Content starts

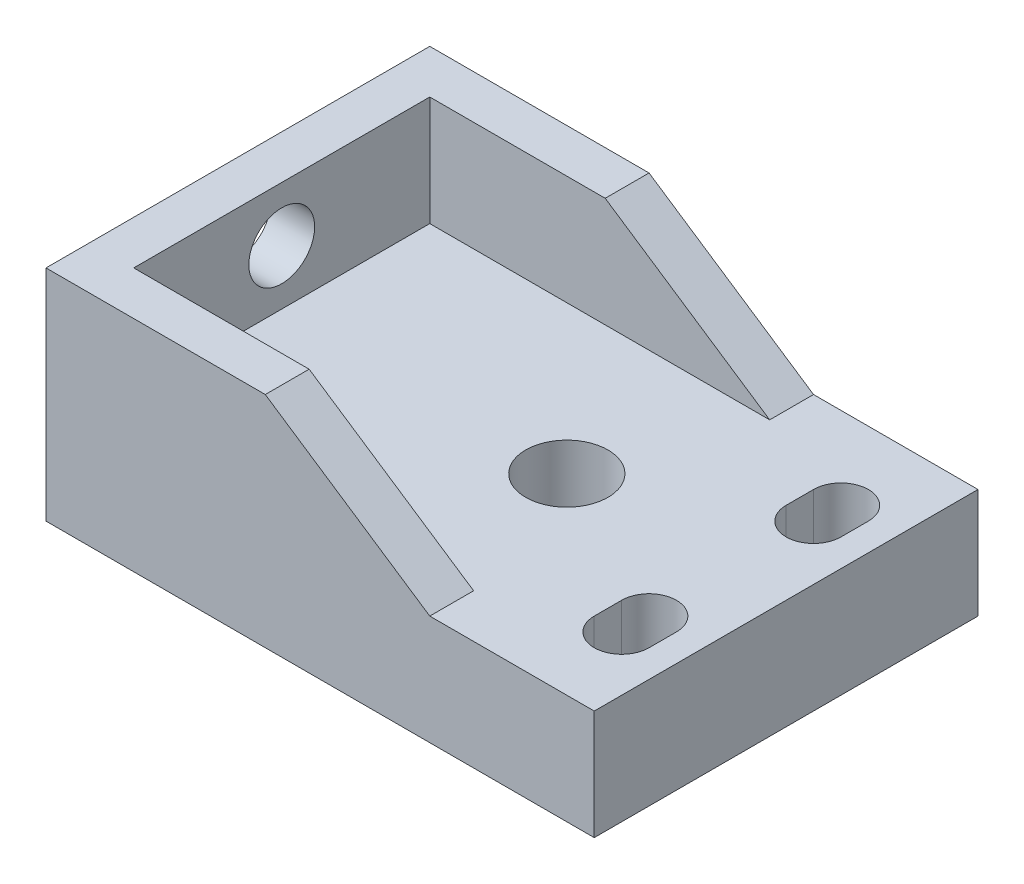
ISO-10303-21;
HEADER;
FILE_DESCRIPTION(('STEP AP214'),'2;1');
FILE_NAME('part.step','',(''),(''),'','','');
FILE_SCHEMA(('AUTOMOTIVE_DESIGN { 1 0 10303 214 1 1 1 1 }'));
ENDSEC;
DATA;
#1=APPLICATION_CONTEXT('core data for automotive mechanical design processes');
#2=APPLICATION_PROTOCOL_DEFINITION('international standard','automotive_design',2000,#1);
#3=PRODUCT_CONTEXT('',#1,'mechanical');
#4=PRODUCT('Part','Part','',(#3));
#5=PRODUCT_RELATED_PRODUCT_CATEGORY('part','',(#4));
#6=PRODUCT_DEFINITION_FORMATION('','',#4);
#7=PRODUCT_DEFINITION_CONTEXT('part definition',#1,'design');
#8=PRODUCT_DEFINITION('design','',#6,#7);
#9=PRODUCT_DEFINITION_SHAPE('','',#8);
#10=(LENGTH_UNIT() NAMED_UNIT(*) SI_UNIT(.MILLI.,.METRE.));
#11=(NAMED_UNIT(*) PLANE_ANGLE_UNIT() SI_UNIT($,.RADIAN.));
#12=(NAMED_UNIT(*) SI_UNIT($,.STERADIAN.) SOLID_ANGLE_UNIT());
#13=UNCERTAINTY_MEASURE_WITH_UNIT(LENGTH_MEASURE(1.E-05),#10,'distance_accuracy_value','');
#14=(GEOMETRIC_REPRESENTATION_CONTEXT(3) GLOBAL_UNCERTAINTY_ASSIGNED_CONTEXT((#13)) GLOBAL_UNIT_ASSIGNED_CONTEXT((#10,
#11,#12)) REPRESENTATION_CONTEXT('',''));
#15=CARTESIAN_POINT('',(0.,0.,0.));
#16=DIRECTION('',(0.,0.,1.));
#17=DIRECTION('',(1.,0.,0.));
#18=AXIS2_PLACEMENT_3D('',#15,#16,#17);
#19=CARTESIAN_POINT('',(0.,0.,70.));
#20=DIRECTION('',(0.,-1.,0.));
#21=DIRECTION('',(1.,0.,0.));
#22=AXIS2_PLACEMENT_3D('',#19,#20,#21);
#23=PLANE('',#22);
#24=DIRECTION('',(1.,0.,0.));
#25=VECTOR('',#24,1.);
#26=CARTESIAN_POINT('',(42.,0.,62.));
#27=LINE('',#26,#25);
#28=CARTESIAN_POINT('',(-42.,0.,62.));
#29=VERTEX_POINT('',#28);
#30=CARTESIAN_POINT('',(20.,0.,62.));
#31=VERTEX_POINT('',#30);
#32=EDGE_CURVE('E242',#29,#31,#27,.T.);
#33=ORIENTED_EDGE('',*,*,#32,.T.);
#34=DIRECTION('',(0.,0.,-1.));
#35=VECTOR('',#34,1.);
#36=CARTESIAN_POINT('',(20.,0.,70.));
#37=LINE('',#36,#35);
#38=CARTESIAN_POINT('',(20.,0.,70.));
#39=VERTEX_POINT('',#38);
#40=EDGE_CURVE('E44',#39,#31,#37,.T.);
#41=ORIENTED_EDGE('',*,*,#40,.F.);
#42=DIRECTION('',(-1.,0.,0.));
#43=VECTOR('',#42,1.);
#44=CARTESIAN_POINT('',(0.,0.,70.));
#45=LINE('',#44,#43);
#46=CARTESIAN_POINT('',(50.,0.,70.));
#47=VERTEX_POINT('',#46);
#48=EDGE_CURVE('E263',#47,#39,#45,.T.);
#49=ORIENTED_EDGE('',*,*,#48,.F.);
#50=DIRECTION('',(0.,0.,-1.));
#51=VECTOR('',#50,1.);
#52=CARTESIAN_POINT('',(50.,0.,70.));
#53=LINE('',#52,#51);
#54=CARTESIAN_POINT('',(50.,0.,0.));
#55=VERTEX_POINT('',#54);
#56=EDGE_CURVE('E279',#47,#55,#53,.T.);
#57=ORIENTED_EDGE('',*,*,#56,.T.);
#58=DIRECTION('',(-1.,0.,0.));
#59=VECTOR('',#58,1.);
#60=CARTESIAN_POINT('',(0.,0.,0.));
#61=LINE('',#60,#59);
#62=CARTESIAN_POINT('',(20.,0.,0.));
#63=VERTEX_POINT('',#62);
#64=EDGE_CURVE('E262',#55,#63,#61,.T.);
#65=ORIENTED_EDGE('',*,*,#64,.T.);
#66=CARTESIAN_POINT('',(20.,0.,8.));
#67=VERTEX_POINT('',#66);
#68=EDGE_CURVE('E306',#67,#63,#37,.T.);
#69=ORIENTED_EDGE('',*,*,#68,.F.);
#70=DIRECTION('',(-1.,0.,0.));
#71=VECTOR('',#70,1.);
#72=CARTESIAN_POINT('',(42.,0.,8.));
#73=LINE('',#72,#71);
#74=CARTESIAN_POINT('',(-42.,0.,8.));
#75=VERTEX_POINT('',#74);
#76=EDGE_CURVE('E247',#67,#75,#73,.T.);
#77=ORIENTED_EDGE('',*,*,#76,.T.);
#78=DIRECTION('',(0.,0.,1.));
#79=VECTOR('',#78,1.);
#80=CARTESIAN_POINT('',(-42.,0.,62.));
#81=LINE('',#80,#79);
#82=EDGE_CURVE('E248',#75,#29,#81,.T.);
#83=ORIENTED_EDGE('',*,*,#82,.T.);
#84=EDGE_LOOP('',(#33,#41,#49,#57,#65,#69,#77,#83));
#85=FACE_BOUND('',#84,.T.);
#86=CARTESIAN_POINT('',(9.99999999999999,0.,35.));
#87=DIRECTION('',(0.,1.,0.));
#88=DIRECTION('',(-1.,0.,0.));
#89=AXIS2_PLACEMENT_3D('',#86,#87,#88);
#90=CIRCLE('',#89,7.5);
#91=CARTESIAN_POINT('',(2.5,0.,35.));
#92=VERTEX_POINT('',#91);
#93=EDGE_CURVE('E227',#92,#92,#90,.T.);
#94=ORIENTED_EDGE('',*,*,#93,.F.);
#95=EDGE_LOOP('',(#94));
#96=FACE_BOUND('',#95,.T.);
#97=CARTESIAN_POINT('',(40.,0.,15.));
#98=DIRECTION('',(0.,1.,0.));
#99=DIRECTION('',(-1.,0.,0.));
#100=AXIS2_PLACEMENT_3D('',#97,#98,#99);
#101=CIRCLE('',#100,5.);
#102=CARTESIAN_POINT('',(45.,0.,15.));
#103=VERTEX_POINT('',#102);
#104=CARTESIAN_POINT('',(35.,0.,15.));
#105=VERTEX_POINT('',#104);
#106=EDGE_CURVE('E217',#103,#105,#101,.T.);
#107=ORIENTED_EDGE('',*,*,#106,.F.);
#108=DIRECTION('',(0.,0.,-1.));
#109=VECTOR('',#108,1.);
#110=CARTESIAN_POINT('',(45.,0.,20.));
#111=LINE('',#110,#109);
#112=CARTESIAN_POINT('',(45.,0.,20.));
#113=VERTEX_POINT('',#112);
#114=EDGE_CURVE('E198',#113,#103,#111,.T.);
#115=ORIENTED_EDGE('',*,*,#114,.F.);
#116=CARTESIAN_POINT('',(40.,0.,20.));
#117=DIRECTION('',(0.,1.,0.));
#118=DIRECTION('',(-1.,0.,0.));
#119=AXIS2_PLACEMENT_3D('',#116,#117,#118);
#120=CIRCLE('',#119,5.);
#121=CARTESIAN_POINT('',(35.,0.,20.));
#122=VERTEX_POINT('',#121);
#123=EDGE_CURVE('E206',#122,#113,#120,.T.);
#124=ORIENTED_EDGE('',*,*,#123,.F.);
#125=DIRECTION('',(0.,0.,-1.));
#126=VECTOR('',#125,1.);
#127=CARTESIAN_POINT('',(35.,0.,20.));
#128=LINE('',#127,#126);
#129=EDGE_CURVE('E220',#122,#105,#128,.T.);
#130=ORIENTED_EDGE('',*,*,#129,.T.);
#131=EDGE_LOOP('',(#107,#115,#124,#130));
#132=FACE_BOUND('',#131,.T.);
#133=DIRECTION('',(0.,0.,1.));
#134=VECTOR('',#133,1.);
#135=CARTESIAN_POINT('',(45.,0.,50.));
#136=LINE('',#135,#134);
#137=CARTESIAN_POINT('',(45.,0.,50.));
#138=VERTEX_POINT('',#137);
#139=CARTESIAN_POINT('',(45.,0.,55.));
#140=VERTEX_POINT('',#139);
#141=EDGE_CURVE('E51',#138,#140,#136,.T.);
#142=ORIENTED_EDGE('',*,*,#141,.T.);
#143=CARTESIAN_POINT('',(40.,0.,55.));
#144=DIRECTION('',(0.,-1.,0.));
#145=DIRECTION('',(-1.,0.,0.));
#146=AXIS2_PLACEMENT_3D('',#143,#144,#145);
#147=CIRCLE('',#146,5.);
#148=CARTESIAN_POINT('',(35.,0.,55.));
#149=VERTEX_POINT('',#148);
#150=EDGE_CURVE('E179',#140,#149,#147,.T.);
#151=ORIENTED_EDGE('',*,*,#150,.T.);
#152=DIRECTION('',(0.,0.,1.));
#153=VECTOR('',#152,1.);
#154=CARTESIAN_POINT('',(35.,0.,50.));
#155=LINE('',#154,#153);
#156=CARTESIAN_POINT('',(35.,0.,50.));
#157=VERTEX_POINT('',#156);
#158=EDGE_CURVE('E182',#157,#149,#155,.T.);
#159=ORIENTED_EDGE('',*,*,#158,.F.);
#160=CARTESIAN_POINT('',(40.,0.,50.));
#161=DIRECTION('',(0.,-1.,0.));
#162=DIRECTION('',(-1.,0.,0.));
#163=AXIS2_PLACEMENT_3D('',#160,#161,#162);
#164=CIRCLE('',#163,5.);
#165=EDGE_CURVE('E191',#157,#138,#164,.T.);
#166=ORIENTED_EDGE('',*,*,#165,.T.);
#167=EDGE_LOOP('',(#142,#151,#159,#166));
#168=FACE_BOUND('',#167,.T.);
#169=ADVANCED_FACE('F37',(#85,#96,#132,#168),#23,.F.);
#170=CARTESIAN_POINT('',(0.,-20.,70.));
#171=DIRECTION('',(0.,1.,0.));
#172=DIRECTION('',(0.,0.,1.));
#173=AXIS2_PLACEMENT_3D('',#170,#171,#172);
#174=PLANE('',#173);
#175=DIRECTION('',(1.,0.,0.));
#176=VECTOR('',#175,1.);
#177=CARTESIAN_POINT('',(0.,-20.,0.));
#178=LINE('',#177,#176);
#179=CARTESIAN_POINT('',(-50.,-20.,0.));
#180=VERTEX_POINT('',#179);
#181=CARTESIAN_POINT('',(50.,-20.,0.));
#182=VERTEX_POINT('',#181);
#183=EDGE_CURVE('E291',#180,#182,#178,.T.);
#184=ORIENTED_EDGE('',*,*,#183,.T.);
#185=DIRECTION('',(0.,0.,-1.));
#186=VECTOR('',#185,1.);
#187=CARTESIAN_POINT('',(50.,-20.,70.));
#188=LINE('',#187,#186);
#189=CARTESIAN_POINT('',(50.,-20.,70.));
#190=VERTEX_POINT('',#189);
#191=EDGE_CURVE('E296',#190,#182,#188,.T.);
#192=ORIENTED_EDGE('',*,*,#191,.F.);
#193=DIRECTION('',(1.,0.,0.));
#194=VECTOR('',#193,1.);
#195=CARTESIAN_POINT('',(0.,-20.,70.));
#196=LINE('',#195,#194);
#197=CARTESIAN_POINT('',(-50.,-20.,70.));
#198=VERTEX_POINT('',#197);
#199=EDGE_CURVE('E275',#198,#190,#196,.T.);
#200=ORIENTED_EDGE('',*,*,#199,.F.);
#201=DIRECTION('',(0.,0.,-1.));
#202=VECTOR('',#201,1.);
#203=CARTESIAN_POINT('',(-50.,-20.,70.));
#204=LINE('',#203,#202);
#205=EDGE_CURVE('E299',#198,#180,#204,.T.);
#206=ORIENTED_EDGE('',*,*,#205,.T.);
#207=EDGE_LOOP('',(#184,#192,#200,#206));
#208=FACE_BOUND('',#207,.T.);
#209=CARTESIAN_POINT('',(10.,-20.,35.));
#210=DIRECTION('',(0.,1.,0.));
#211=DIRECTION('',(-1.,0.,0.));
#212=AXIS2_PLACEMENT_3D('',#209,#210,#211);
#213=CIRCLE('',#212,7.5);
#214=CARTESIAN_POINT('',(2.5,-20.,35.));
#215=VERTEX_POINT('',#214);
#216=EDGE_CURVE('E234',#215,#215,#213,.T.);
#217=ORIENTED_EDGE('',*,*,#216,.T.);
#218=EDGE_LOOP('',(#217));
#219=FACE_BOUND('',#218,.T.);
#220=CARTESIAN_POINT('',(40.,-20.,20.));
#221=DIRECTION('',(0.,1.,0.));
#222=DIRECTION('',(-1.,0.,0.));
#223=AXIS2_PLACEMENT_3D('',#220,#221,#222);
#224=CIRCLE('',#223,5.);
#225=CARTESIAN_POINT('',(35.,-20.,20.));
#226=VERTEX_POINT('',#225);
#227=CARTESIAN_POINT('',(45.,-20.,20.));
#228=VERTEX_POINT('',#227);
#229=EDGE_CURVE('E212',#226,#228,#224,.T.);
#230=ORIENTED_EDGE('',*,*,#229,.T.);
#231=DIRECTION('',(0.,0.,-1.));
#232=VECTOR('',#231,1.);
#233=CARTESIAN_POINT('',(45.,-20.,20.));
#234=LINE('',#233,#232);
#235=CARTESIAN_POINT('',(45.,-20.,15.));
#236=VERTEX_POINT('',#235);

Content ends

**Aim of the task**
Could you restate, word for word, the lines above from the one with "#206=ORIENTED_EDGE('',*,*,#205,.T.);" to the one with "#226=VERTEX_POINT('',#225);", both included?

**The completed task**
#206=ORIENTED_EDGE('',*,*,#205,.T.);
#207=EDGE_LOOP('',(#184,#192,#200,#206));
#208=FACE_BOUND('',#207,.T.);
#209=CARTESIAN_POINT('',(10.,-20.,35.));
#210=DIRECTION('',(0.,1.,0.));
#211=DIRECTION('',(-1.,0.,0.));
#212=AXIS2_PLACEMENT_3D('',#209,#210,#211);
#213=CIRCLE('',#212,7.5);
#214=CARTESIAN_POINT('',(2.5,-20.,35.));
#215=VERTEX_POINT('',#214);
#216=EDGE_CURVE('E234',#215,#215,#213,.T.);
#217=ORIENTED_EDGE('',*,*,#216,.T.);
#218=EDGE_LOOP('',(#217));
#219=FACE_BOUND('',#218,.T.);
#220=CARTESIAN_POINT('',(40.,-20.,20.));
#221=DIRECTION('',(0.,1.,0.));
#222=DIRECTION('',(-1.,0.,0.));
#223=AXIS2_PLACEMENT_3D('',#220,#221,#222);
#224=CIRCLE('',#223,5.);
#225=CARTESIAN_POINT('',(35.,-20.,20.));
#226=VERTEX_POINT('',#225);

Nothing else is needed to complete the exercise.